* **About this task**:
Copy exactly every line below, from the first through the one that contains "#12=(NAMED_UNIT(*) SI_UNIT($,.STERADIAN.) SOLID_ANGLE_UNIT());", and skip all pictures.

#### Exercise input ####

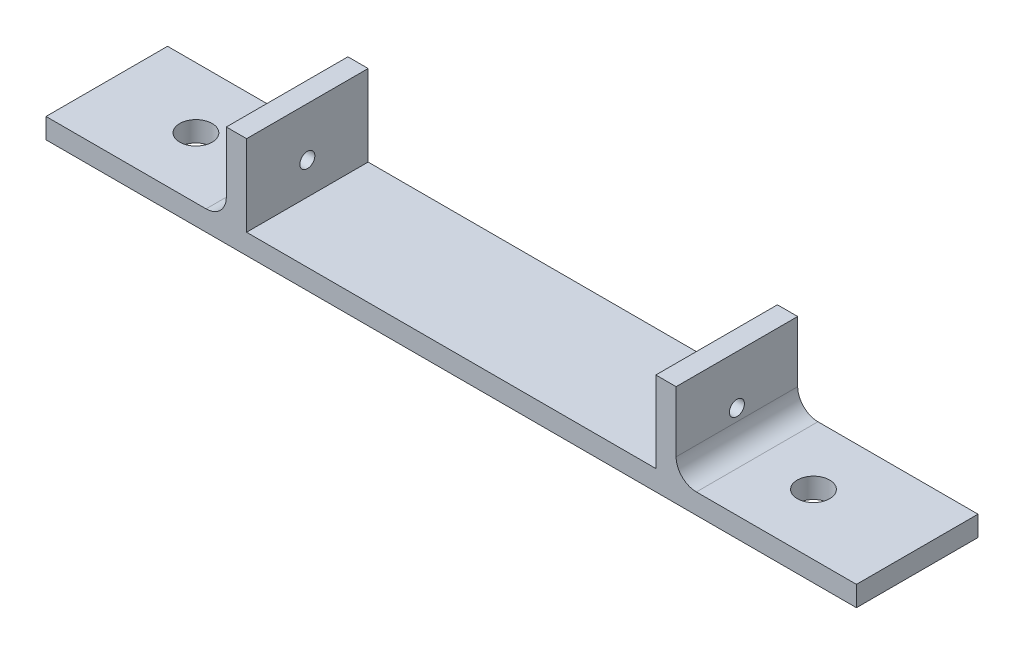
ISO-10303-21;
HEADER;
FILE_DESCRIPTION(('STEP AP214'),'2;1');
FILE_NAME('part.step','',(''),(''),'','','');
FILE_SCHEMA(('AUTOMOTIVE_DESIGN { 1 0 10303 214 1 1 1 1 }'));
ENDSEC;
DATA;
#1=APPLICATION_CONTEXT('core data for automotive mechanical design processes');
#2=APPLICATION_PROTOCOL_DEFINITION('international standard','automotive_design',2000,#1);
#3=PRODUCT_CONTEXT('',#1,'mechanical');
#4=PRODUCT('Part','Part','',(#3));
#5=PRODUCT_RELATED_PRODUCT_CATEGORY('part','',(#4));
#6=PRODUCT_DEFINITION_FORMATION('','',#4);
#7=PRODUCT_DEFINITION_CONTEXT('part definition',#1,'design');
#8=PRODUCT_DEFINITION('design','',#6,#7);
#9=PRODUCT_DEFINITION_SHAPE('','',#8);
#10=(LENGTH_UNIT() NAMED_UNIT(*) SI_UNIT(.MILLI.,.METRE.));
#11=(NAMED_UNIT(*) PLANE_ANGLE_UNIT() SI_UNIT($,.RADIAN.));
#12=(NAMED_UNIT(*) SI_UNIT($,.STERADIAN.) SOLID_ANGLE_UNIT());
#13=UNCERTAINTY_MEASURE_WITH_UNIT(LENGTH_MEASURE(1.E-05),#10,'distance_accuracy_value','');
#14=(GEOMETRIC_REPRESENTATION_CONTEXT(3) GLOBAL_UNCERTAINTY_ASSIGNED_CONTEXT((#13)) GLOBAL_UNIT_ASSIGNED_CONTEXT((#10,
#11,#12)) REPRESENTATION_CONTEXT('',''));
#15=CARTESIAN_POINT('',(0.,0.,0.));
#16=DIRECTION('',(0.,0.,1.));
#17=DIRECTION('',(1.,0.,0.));
#18=AXIS2_PLACEMENT_3D('',#15,#16,#17);
#19=CARTESIAN_POINT('',(0.,5.,0.));
#20=DIRECTION('',(0.,1.,0.));
#21=DIRECTION('',(0.,0.,1.));
#22=AXIS2_PLACEMENT_3D('',#19,#20,#21);
#23=PLANE('',#22);
#24=DIRECTION('',(1.,0.,0.));
#25=VECTOR('',#24,1.);
#26=CARTESIAN_POINT('',(100.,5.,15.));
#27=LINE('',#26,#25);
#28=CARTESIAN_POINT('',(-50.5,5.,15.));
#29=VERTEX_POINT('',#28);
#30=CARTESIAN_POINT('',(50.5,5.,15.));
#31=VERTEX_POINT('',#30);
#32=EDGE_CURVE('E160',#29,#31,#27,.T.);
#33=ORIENTED_EDGE('',*,*,#32,.T.);
#34=DIRECTION('',(0.,0.,1.));
#35=VECTOR('',#34,1.);
#36=CARTESIAN_POINT('',(50.5,5.,15.));
#37=LINE('',#36,#35);
#38=CARTESIAN_POINT('',(50.5,5.,-15.));
#39=VERTEX_POINT('',#38);
#40=EDGE_CURVE('E158',#39,#31,#37,.T.);
#41=ORIENTED_EDGE('',*,*,#40,.F.);
#42=DIRECTION('',(-1.,0.,0.));
#43=VECTOR('',#42,1.);
#44=CARTESIAN_POINT('',(100.,5.,-15.));
#45=LINE('',#44,#43);
#46=CARTESIAN_POINT('',(-50.5,5.,-15.));
#47=VERTEX_POINT('',#46);
#48=EDGE_CURVE('E142',#39,#47,#45,.T.);
#49=ORIENTED_EDGE('',*,*,#48,.T.);
#50=DIRECTION('',(0.,0.,-1.));
#51=VECTOR('',#50,1.);
#52=CARTESIAN_POINT('',(-50.5,5.,15.));
#53=LINE('',#52,#51);
#54=EDGE_CURVE('E164',#29,#47,#53,.T.);
#55=ORIENTED_EDGE('',*,*,#54,.F.);
#56=EDGE_LOOP('',(#33,#41,#49,#55));
#57=FACE_BOUND('',#56,.T.);
#58=ADVANCED_FACE('F42',(#57),#23,.T.);
#59=CARTESIAN_POINT('',(74.4,5.,0.));
#60=DIRECTION('',(0.,1.,0.));
#61=DIRECTION('',(0.,0.,1.));
#62=AXIS2_PLACEMENT_3D('',#59,#60,#61);
#63=CIRCLE('',#62,4.00000000000001);
#64=CARTESIAN_POINT('',(74.4,5.,4.00000000000001));
#65=VERTEX_POINT('',#64);
#66=EDGE_CURVE('E309',#65,#65,#63,.T.);
#67=ORIENTED_EDGE('',*,*,#66,.F.);
#68=EDGE_LOOP('',(#67));
#69=FACE_BOUND('',#68,.T.);
#70=CARTESIAN_POINT('',(100.,5.,-15.));
#71=VERTEX_POINT('',#70);
#72=CARTESIAN_POINT('',(60.5,5.,-15.));
#73=VERTEX_POINT('',#72);
#74=EDGE_CURVE('E154',#71,#73,#45,.T.);
#75=ORIENTED_EDGE('',*,*,#74,.T.);
#76=DIRECTION('',(0.,0.,-1.));
#77=VECTOR('',#76,1.);
#78=CARTESIAN_POINT('',(60.5,5.,0.));
#79=LINE('',#78,#77);
#80=CARTESIAN_POINT('',(60.5,5.,15.));
#81=VERTEX_POINT('',#80);
#82=EDGE_CURVE('E235',#73,#81,#79,.F.);
#83=ORIENTED_EDGE('',*,*,#82,.T.);
#84=CARTESIAN_POINT('',(100.,5.,15.));
#85=VERTEX_POINT('',#84);
#86=EDGE_CURVE('E206',#81,#85,#27,.T.);
#87=ORIENTED_EDGE('',*,*,#86,.T.);
#88=DIRECTION('',(0.,0.,-1.));
#89=VECTOR('',#88,1.);
#90=CARTESIAN_POINT('',(100.,5.,15.));
#91=LINE('',#90,#89);
#92=EDGE_CURVE('E210',#85,#71,#91,.T.);
#93=ORIENTED_EDGE('',*,*,#92,.T.);
#94=EDGE_LOOP('',(#75,#83,#87,#93));
#95=FACE_BOUND('',#94,.T.);
#96=ADVANCED_FACE('F262',(#69,#95),#23,.T.);
#97=CARTESIAN_POINT('',(-78.,5.,0.));
#98=DIRECTION('',(0.,1.,0.));
#99=DIRECTION('',(0.,0.,1.));
#100=AXIS2_PLACEMENT_3D('',#97,#98,#99);
#101=CIRCLE('',#100,4.00000000000001);
#102=CARTESIAN_POINT('',(-78.,5.,4.00000000000002));
#103=VERTEX_POINT('',#102);
#104=EDGE_CURVE('E303',#103,#103,#101,.T.);
#105=ORIENTED_EDGE('',*,*,#104,.F.);
#106=EDGE_LOOP('',(#105));
#107=FACE_BOUND('',#106,.T.);
#108=CARTESIAN_POINT('',(-100.,5.,15.));
#109=VERTEX_POINT('',#108);
#110=CARTESIAN_POINT('',(-60.5,5.,15.));
#111=VERTEX_POINT('',#110);
#112=EDGE_CURVE('E208',#109,#111,#27,.T.);
#113=ORIENTED_EDGE('',*,*,#112,.T.);
#114=DIRECTION('',(0.,0.,1.));
#115=VECTOR('',#114,1.);
#116=CARTESIAN_POINT('',(-60.5,5.,0.));
#117=LINE('',#116,#115);
#118=CARTESIAN_POINT('',(-60.5,5.,-15.));
#119=VERTEX_POINT('',#118);
#120=EDGE_CURVE('E64',#111,#119,#117,.F.);
#121=ORIENTED_EDGE('',*,*,#120,.T.);
#122=CARTESIAN_POINT('',(-100.,5.,-15.));
#123=VERTEX_POINT('',#122);
#124=EDGE_CURVE('E155',#119,#123,#45,.T.);
#125=ORIENTED_EDGE('',*,*,#124,.T.);
#126=DIRECTION('',(0.,0.,1.));
#127=VECTOR('',#126,1.);
#128=CARTESIAN_POINT('',(-100.,5.,15.));
#129=LINE('',#128,#127);
#130=EDGE_CURVE('E203',#123,#109,#129,.T.);
#131=ORIENTED_EDGE('',*,*,#130,.T.);
#132=EDGE_LOOP('',(#113,#121,#125,#131));
#133=FACE_BOUND('',#132,.T.);
#134=ADVANCED_FACE('F325',(#107,#133),#23,.T.);
#135=CARTESIAN_POINT('',(-100.,5.,15.));
#136=DIRECTION('',(1.,0.,0.));
#137=DIRECTION('',(0.,0.,-1.));
#138=AXIS2_PLACEMENT_3D('',#135,#136,#137);
#139=PLANE('',#138);
#140=DIRECTION('',(0.,0.,1.));
#141=VECTOR('',#140,1.);
#142=CARTESIAN_POINT('',(-100.,0.,15.));
#143=LINE('',#142,#141);
#144=CARTESIAN_POINT('',(-100.,0.,-15.));
#145=VERTEX_POINT('',#144);
#146=CARTESIAN_POINT('',(-100.,0.,15.));
#147=VERTEX_POINT('',#146);
#148=EDGE_CURVE('E202',#145,#147,#143,.T.);
#149=ORIENTED_EDGE('',*,*,#148,.T.);
#150=DIRECTION('',(0.,-1.,0.));
#151=VECTOR('',#150,1.);
#152=CARTESIAN_POINT('',(-100.,5.,15.));
#153=LINE('',#152,#151);
#154=EDGE_CURVE('E229',#109,#147,#153,.T.);
#155=ORIENTED_EDGE('',*,*,#154,.F.);
#156=ORIENTED_EDGE('',*,*,#130,.F.);
#157=DIRECTION('',(0.,-1.,0.));
#158=VECTOR('',#157,1.);
#159=CARTESIAN_POINT('',(-100.,5.,-15.));
#160=LINE('',#159,#158);
#161=EDGE_CURVE('E213',#123,#145,#160,.T.);
#162=ORIENTED_EDGE('',*,*,#161,.T.);
#163=EDGE_LOOP('',(#149,#155,#156,#162));
#164=FACE_BOUND('',#163,.T.);
#165=ADVANCED_FACE('F275',(#164),#139,.F.);
#166=CARTESIAN_POINT('',(100.,5.,15.));
#167=DIRECTION('',(0.,0.,-1.));
#168=DIRECTION('',(-1.,0.,0.));
#169=AXIS2_PLACEMENT_3D('',#166,#167,#168);
#170=PLANE('',#169);
#171=DIRECTION('',(1.,0.,0.));
#172=VECTOR('',#171,1.);
#173=CARTESIAN_POINT('',(100.,0.,15.));
#174=LINE('',#173,#172);
#175=CARTESIAN_POINT('',(100.,0.,15.));
#176=VERTEX_POINT('',#175);
#177=EDGE_CURVE('E216',#147,#176,#174,.T.);
#178=ORIENTED_EDGE('',*,*,#177,.T.);
#179=DIRECTION('',(0.,-1.,0.));
#180=VECTOR('',#179,1.);
#181=CARTESIAN_POINT('',(100.,5.,15.));
#182=LINE('',#181,#180);
#183=EDGE_CURVE('E226',#85,#176,#182,.T.);
#184=ORIENTED_EDGE('',*,*,#183,.F.);
#185=ORIENTED_EDGE('',*,*,#86,.F.);
#186=CARTESIAN_POINT('',(60.5,10.,15.));
#187=DIRECTION('',(0.,0.,-1.));
#188=DIRECTION('',(-1.,0.,0.));
#189=AXIS2_PLACEMENT_3D('',#186,#187,#188);
#190=CIRCLE('',#189,5.);
#191=CARTESIAN_POINT('',(55.5,10.,15.));
#192=VERTEX_POINT('',#191);
#193=EDGE_CURVE('E243',#81,#192,#190,.T.);
#194=ORIENTED_EDGE('',*,*,#193,.T.);
#195=DIRECTION('',(0.,-1.,0.));
#196=VECTOR('',#195,1.);
#197=CARTESIAN_POINT('',(55.5,25.,15.));
#198=LINE('',#197,#196);
#199=CARTESIAN_POINT('',(55.5,25.,15.));
#200=VERTEX_POINT('',#199);
#201=EDGE_CURVE('E175',#200,#192,#198,.T.);
#202=ORIENTED_EDGE('',*,*,#201,.F.);
#203=DIRECTION('',(1.,0.,0.));
#204=VECTOR('',#203,1.);
#205=CARTESIAN_POINT('',(55.5,25.,15.));
#206=LINE('',#205,#204);
#207=CARTESIAN_POINT('',(50.5,25.,15.));
#208=VERTEX_POINT('',#207);
#209=EDGE_CURVE('E180',#208,#200,#206,.T.);
#210=ORIENTED_EDGE('',*,*,#209,.F.);
#211=DIRECTION('',(0.,-1.,0.));
#212=VECTOR('',#211,1.);
#213=CARTESIAN_POINT('',(50.5,25.,15.));
#214=LINE('',#213,#212);
#215=EDGE_CURVE('E258',#208,#31,#214,.T.);
#216=ORIENTED_EDGE('',*,*,#215,.T.);
#217=ORIENTED_EDGE('',*,*,#32,.F.);
#218=DIRECTION('',(0.,-1.,0.));
#219=VECTOR('',#218,1.);
#220=CARTESIAN_POINT('',(-50.5,25.,15.));
#221=LINE('',#220,#219);
#222=CARTESIAN_POINT('',(-50.5,25.,15.));
#223=VERTEX_POINT('',#222);
#224=EDGE_CURVE('E197',#223,#29,#221,.T.);
#225=ORIENTED_EDGE('',*,*,#224,.F.);
#226=DIRECTION('',(1.,0.,0.));
#227=VECTOR('',#226,1.);
#228=CARTESIAN_POINT('',(-50.5,25.,15.));
#229=LINE('',#228,#227);
#230=CARTESIAN_POINT('',(-55.5,25.,15.));
#231=VERTEX_POINT('',#230);
#232=EDGE_CURVE('E186',#231,#223,#229,.T.);
#233=ORIENTED_EDGE('',*,*,#232,.F.);
#234=DIRECTION('',(0.,-1.,0.));
#235=VECTOR('',#234,1.);
#236=CARTESIAN_POINT('',(-55.5,25.,15.));
#237=LINE('',#236,#235);
#238=CARTESIAN_POINT('',(-55.5,10.,15.));
#239=VERTEX_POINT('',#238);
#240=EDGE_CURVE('E200',#231,#239,#237,.T.);
#241=ORIENTED_EDGE('',*,*,#240,.T.);
#242=CARTESIAN_POINT('',(-60.5,10.,15.));
#243=DIRECTION('',(0.,0.,-1.));
#244=DIRECTION('',(-1.,0.,0.));
#245=AXIS2_PLACEMENT_3D('',#242,#243,#244);
#246=CIRCLE('',#245,5.);
#247=EDGE_CURVE('E51',#239,#111,#246,.T.);
#248=ORIENTED_EDGE('',*,*,#247,.T.);
#249=ORIENTED_EDGE('',*,*,#112,.F.);
#250=ORIENTED_EDGE('',*,*,#154,.T.);
#251=EDGE_LOOP('',(#178,#184,#185,#194,#202,#210,#216,#217,#225,#233,#241,#248,#249,#250));
#252=FACE_BOUND('',#251,.T.);
#253=ADVANCED_FACE('F249',(#252),#170,.F.);
#254=CARTESIAN_POINT('',(100.,5.,15.));
#255=DIRECTION('',(-1.,0.,0.));
#256=DIRECTION('',(0.,0.,1.));
#257=AXIS2_PLACEMENT_3D('',#254,#255,#256);
#258=PLANE('',#257);
#259=DIRECTION('',(0.,0.,-1.));
#260=VECTOR('',#259,1.);
#261=CARTESIAN_POINT('',(100.,0.,15.));
#262=LINE('',#261,#260);
#263=CARTESIAN_POINT('',(100.,0.,-15.));
#264=VERTEX_POINT('',#263);
#265=EDGE_CURVE('E218',#176,#264,#262,.T.);
#266=ORIENTED_EDGE('',*,*,#265,.T.);
#267=DIRECTION('',(0.,-1.,0.));
#268=VECTOR('',#267,1.);
#269=CARTESIAN_POINT('',(100.,5.,-15.));
#270=LINE('',#269,#268);
#271=EDGE_CURVE('E223',#71,#264,#270,.T.);
#272=ORIENTED_EDGE('',*,*,#271,.F.);
#273=ORIENTED_EDGE('',*,*,#92,.F.);
#274=ORIENTED_EDGE('',*,*,#183,.T.);
#275=EDGE_LOOP('',(#266,#272,#273,#274));
#276=FACE_BOUND('',#275,.T.);
#277=ADVANCED_FACE('F266',(#276),#258,.F.);
#278=CARTESIAN_POINT('',(100.,5.,-15.));
#279=DIRECTION('',(0.,0.,1.));
#280=DIRECTION('',(1.,0.,0.));
#281=AXIS2_PLACEMENT_3D('',#278,#279,#280);
#282=PLANE('',#281);
#283=DIRECTION('',(-1.,0.,0.));
#284=VECTOR('',#283,1.);
#285=CARTESIAN_POINT('',(100.,0.,-15.));
#286=LINE('',#285,#284);
#287=EDGE_CURVE('E207',#264,#145,#286,.T.);
#288=ORIENTED_EDGE('',*,*,#287,.T.);
#289=ORIENTED_EDGE('',*,*,#161,.F.);
#290=ORIENTED_EDGE('',*,*,#124,.F.);
#291=CARTESIAN_POINT('',(-60.5,10.,-15.));
#292=DIRECTION('',(0.,0.,1.));
#293=DIRECTION('',(1.,0.,0.));
#294=AXIS2_PLACEMENT_3D('',#291,#292,#293);
#295=CIRCLE('',#294,5.);
#296=CARTESIAN_POINT('',(-55.5,10.,-15.));
#297=VERTEX_POINT('',#296);
#298=EDGE_CURVE('E11',#119,#297,#295,.T.);
#299=ORIENTED_EDGE('',*,*,#298,.T.);
#300=DIRECTION('',(0.,-1.,0.));
#301=VECTOR('',#300,1.);
#302=CARTESIAN_POINT('',(-55.5,25.,-15.));
#303=LINE('',#302,#301);
#304=CARTESIAN_POINT('',(-55.5,25.,-15.));
#305=VERTEX_POINT('',#304);
#306=EDGE_CURVE('E192',#305,#297,#303,.T.);
#307=ORIENTED_EDGE('',*,*,#306,.F.);
#308=DIRECTION('',(-1.,0.,0.));
#309=VECTOR('',#308,1.);
#310=CARTESIAN_POINT('',(-50.5,25.,-15.));
#311=LINE('',#310,#309);
#312=CARTESIAN_POINT('',(-50.5,25.,-15.));
#313=VERTEX_POINT('',#312);
#314=EDGE_CURVE('E190',#313,#305,#311,.T.);
#315=ORIENTED_EDGE('',*,*,#314,.F.);
#316=DIRECTION('',(0.,-1.,0.));
#317=VECTOR('',#316,1.);
#318=CARTESIAN_POINT('',(-50.5,25.,-15.));
#319=LINE('',#318,#317);
#320=EDGE_CURVE('E151',#313,#47,#319,.T.);
#321=ORIENTED_EDGE('',*,*,#320,.T.);
#322=ORIENTED_EDGE('',*,*,#48,.F.);
#323=DIRECTION('',(0.,-1.,0.));
#324=VECTOR('',#323,1.);
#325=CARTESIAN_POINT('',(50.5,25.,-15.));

####

* **Problem solution**:
ISO-10303-21;
HEADER;
FILE_DESCRIPTION(('STEP AP214'),'2;1');
FILE_NAME('part.step','',(''),(''),'','','');
FILE_SCHEMA(('AUTOMOTIVE_DESIGN { 1 0 10303 214 1 1 1 1 }'));
ENDSEC;
DATA;
#1=APPLICATION_CONTEXT('core data for automotive mechanical design processes');
#2=APPLICATION_PROTOCOL_DEFINITION('international standard','automotive_design',2000,#1);
#3=PRODUCT_CONTEXT('',#1,'mechanical');
#4=PRODUCT('Part','Part','',(#3));
#5=PRODUCT_RELATED_PRODUCT_CATEGORY('part','',(#4));
#6=PRODUCT_DEFINITION_FORMATION('','',#4);
#7=PRODUCT_DEFINITION_CONTEXT('part definition',#1,'design');
#8=PRODUCT_DEFINITION('design','',#6,#7);
#9=PRODUCT_DEFINITION_SHAPE('','',#8);
#10=(LENGTH_UNIT() NAMED_UNIT(*) SI_UNIT(.MILLI.,.METRE.));
#11=(NAMED_UNIT(*) PLANE_ANGLE_UNIT() SI_UNIT($,.RADIAN.));
#12=(NAMED_UNIT(*) SI_UNIT($,.STERADIAN.) SOLID_ANGLE_UNIT());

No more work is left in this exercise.